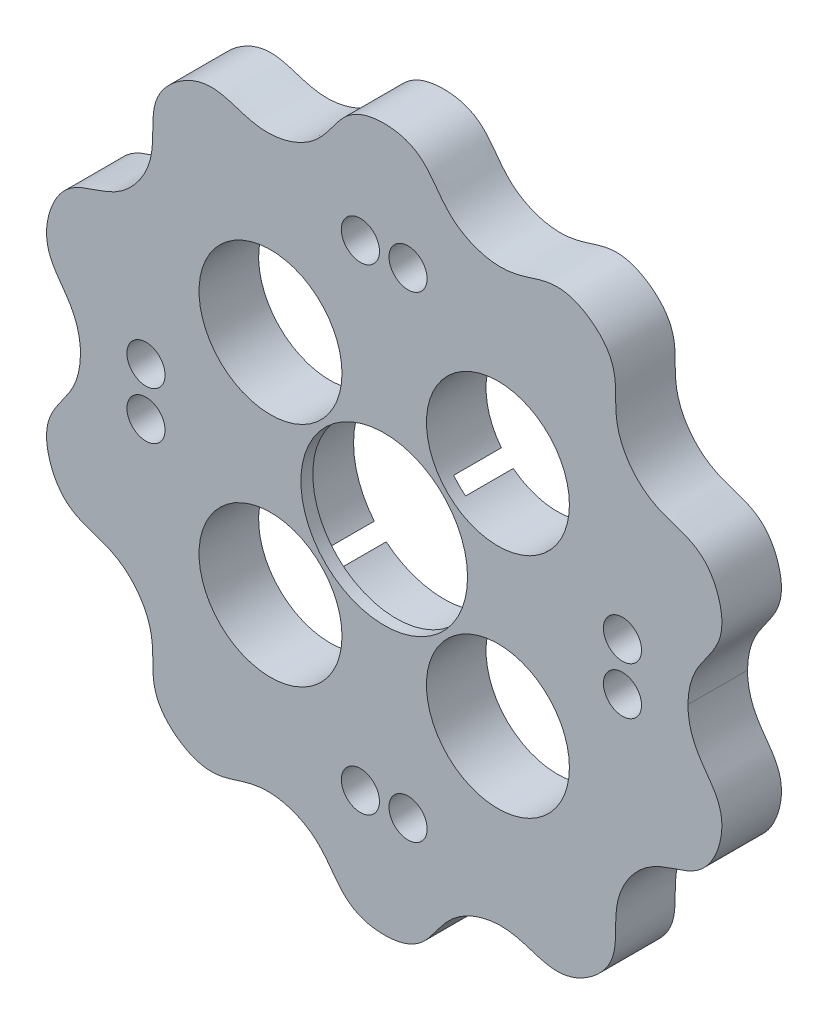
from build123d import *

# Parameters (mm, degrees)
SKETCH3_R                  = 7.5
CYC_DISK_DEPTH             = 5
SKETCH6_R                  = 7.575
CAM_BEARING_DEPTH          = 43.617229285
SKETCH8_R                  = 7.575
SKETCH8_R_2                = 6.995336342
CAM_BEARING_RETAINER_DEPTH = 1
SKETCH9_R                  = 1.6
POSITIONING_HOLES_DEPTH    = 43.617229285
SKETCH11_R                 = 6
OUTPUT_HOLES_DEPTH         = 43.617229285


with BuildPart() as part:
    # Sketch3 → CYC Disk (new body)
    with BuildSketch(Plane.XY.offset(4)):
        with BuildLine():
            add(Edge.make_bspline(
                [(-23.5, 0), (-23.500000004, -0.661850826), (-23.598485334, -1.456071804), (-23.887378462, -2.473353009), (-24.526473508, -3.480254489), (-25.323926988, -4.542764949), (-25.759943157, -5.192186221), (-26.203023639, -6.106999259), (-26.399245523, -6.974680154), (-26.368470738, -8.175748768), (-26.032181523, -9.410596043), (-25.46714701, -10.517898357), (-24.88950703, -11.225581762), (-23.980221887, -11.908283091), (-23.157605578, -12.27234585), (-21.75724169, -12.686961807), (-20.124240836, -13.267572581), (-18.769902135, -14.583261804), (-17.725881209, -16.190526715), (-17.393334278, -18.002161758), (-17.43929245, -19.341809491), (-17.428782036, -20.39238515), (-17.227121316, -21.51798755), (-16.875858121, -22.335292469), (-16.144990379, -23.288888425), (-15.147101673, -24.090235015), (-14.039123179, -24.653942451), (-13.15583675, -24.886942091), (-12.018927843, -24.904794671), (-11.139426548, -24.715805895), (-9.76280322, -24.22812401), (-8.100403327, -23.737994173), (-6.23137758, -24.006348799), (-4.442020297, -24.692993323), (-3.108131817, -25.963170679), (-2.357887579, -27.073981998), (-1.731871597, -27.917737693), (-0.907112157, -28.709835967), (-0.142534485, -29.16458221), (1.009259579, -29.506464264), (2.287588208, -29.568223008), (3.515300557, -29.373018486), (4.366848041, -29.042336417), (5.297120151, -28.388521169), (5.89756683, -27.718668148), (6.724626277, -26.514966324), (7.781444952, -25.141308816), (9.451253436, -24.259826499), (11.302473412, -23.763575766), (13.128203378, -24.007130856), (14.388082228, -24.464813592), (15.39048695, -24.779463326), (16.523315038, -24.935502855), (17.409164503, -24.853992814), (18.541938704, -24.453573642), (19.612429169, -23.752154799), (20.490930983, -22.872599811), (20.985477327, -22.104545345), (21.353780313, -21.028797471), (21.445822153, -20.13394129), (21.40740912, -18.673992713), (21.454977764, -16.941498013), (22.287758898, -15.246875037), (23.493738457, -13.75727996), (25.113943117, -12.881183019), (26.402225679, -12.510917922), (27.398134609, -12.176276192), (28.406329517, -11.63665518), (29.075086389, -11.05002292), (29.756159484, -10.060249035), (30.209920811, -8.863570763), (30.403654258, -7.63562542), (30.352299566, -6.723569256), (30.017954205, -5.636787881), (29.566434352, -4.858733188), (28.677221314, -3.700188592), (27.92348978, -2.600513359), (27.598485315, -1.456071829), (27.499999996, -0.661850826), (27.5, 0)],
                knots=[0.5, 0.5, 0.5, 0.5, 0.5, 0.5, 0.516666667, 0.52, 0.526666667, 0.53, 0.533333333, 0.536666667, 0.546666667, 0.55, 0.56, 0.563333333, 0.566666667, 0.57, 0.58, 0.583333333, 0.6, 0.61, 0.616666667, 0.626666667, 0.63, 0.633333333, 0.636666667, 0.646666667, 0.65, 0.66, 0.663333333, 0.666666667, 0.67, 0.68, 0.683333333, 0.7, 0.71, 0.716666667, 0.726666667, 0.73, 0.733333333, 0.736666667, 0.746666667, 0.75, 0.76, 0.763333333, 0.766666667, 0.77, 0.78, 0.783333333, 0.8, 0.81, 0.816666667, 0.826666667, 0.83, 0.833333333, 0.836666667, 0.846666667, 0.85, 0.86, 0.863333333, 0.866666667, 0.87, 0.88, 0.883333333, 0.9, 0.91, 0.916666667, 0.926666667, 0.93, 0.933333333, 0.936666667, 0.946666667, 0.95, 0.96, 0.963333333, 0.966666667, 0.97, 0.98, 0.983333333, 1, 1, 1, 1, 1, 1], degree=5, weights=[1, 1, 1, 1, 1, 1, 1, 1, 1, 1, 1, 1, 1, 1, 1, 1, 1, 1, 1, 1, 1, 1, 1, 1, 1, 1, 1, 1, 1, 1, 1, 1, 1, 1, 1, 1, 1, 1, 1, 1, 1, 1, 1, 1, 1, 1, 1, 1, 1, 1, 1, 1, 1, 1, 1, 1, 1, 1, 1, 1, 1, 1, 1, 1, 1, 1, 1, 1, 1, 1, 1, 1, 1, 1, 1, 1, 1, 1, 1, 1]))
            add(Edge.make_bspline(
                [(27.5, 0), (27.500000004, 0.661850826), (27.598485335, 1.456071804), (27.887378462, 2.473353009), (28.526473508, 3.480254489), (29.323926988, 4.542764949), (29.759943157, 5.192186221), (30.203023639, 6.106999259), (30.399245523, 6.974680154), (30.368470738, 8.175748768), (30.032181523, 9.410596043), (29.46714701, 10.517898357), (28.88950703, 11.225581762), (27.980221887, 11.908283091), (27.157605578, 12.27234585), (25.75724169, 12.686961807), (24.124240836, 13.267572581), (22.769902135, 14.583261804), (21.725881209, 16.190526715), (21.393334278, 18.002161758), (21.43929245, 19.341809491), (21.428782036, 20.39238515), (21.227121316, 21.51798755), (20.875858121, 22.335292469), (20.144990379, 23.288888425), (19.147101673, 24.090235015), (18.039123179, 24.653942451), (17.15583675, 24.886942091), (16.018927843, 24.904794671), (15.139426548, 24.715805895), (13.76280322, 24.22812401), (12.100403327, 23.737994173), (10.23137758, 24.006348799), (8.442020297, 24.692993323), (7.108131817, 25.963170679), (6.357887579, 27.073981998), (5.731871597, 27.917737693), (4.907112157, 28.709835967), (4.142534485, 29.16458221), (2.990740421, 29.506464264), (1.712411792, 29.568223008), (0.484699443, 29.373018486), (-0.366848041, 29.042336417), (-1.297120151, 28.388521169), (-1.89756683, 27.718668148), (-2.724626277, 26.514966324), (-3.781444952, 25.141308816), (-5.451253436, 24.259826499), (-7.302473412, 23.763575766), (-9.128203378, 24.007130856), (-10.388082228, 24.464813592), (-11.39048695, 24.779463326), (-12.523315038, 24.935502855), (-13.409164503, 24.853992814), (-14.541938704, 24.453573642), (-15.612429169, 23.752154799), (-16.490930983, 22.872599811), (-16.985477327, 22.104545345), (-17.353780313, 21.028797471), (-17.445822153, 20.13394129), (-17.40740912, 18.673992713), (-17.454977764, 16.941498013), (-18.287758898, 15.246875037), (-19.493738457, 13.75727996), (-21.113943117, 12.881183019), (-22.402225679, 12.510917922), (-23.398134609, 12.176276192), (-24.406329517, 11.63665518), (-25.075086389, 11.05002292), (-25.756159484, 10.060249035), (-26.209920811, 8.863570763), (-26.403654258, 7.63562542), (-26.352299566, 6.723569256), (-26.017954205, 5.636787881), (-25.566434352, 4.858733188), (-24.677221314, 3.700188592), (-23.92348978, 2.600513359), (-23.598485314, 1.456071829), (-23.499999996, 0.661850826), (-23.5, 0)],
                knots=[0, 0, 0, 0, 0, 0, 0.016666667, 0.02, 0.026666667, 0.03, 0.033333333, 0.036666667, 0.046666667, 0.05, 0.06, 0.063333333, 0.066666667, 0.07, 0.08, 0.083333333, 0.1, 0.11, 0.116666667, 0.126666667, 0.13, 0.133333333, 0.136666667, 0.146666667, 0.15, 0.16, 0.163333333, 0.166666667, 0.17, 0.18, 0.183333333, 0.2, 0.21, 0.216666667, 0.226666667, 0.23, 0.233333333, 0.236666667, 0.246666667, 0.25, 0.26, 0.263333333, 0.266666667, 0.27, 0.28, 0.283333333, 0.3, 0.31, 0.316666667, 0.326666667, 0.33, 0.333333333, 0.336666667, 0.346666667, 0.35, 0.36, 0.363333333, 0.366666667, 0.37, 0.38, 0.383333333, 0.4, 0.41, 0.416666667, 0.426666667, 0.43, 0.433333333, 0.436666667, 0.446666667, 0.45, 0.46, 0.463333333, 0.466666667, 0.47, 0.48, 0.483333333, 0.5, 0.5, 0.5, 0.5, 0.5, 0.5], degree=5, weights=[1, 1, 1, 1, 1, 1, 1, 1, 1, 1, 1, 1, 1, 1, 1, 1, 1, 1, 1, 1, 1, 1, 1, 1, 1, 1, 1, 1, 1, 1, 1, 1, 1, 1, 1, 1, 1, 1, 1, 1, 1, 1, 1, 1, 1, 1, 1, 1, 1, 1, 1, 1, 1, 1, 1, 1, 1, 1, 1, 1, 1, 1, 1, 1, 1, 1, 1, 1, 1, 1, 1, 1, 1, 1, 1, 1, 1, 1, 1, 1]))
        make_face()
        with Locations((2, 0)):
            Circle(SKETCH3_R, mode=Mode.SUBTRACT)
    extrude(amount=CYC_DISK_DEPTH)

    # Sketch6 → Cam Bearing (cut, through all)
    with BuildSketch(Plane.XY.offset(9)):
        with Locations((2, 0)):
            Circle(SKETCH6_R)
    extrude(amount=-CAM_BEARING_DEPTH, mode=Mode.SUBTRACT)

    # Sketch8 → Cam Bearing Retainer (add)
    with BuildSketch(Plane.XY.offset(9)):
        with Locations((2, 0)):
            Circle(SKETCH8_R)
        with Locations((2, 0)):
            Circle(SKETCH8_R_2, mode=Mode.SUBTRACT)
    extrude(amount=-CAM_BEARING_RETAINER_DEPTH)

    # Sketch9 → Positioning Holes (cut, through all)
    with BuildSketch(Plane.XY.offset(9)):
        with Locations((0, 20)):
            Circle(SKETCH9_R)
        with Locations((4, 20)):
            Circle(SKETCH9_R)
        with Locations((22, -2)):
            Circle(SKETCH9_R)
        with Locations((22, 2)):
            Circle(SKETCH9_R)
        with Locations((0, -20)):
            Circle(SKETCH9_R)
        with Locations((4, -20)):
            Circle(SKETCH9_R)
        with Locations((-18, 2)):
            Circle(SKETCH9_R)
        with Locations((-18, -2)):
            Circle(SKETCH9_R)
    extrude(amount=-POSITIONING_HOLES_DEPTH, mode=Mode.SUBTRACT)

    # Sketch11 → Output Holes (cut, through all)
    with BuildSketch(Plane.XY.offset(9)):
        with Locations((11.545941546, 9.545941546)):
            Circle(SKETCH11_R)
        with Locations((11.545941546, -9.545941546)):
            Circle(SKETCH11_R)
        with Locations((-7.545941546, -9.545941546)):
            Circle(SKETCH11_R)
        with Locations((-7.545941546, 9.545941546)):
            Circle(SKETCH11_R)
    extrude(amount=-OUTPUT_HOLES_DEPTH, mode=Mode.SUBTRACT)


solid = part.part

- **TASK OBJECTIVE**
Copy out the lines above that hold the string "part".

- **ANSWER SPACE**
with BuildPart() as part:
solid = part.part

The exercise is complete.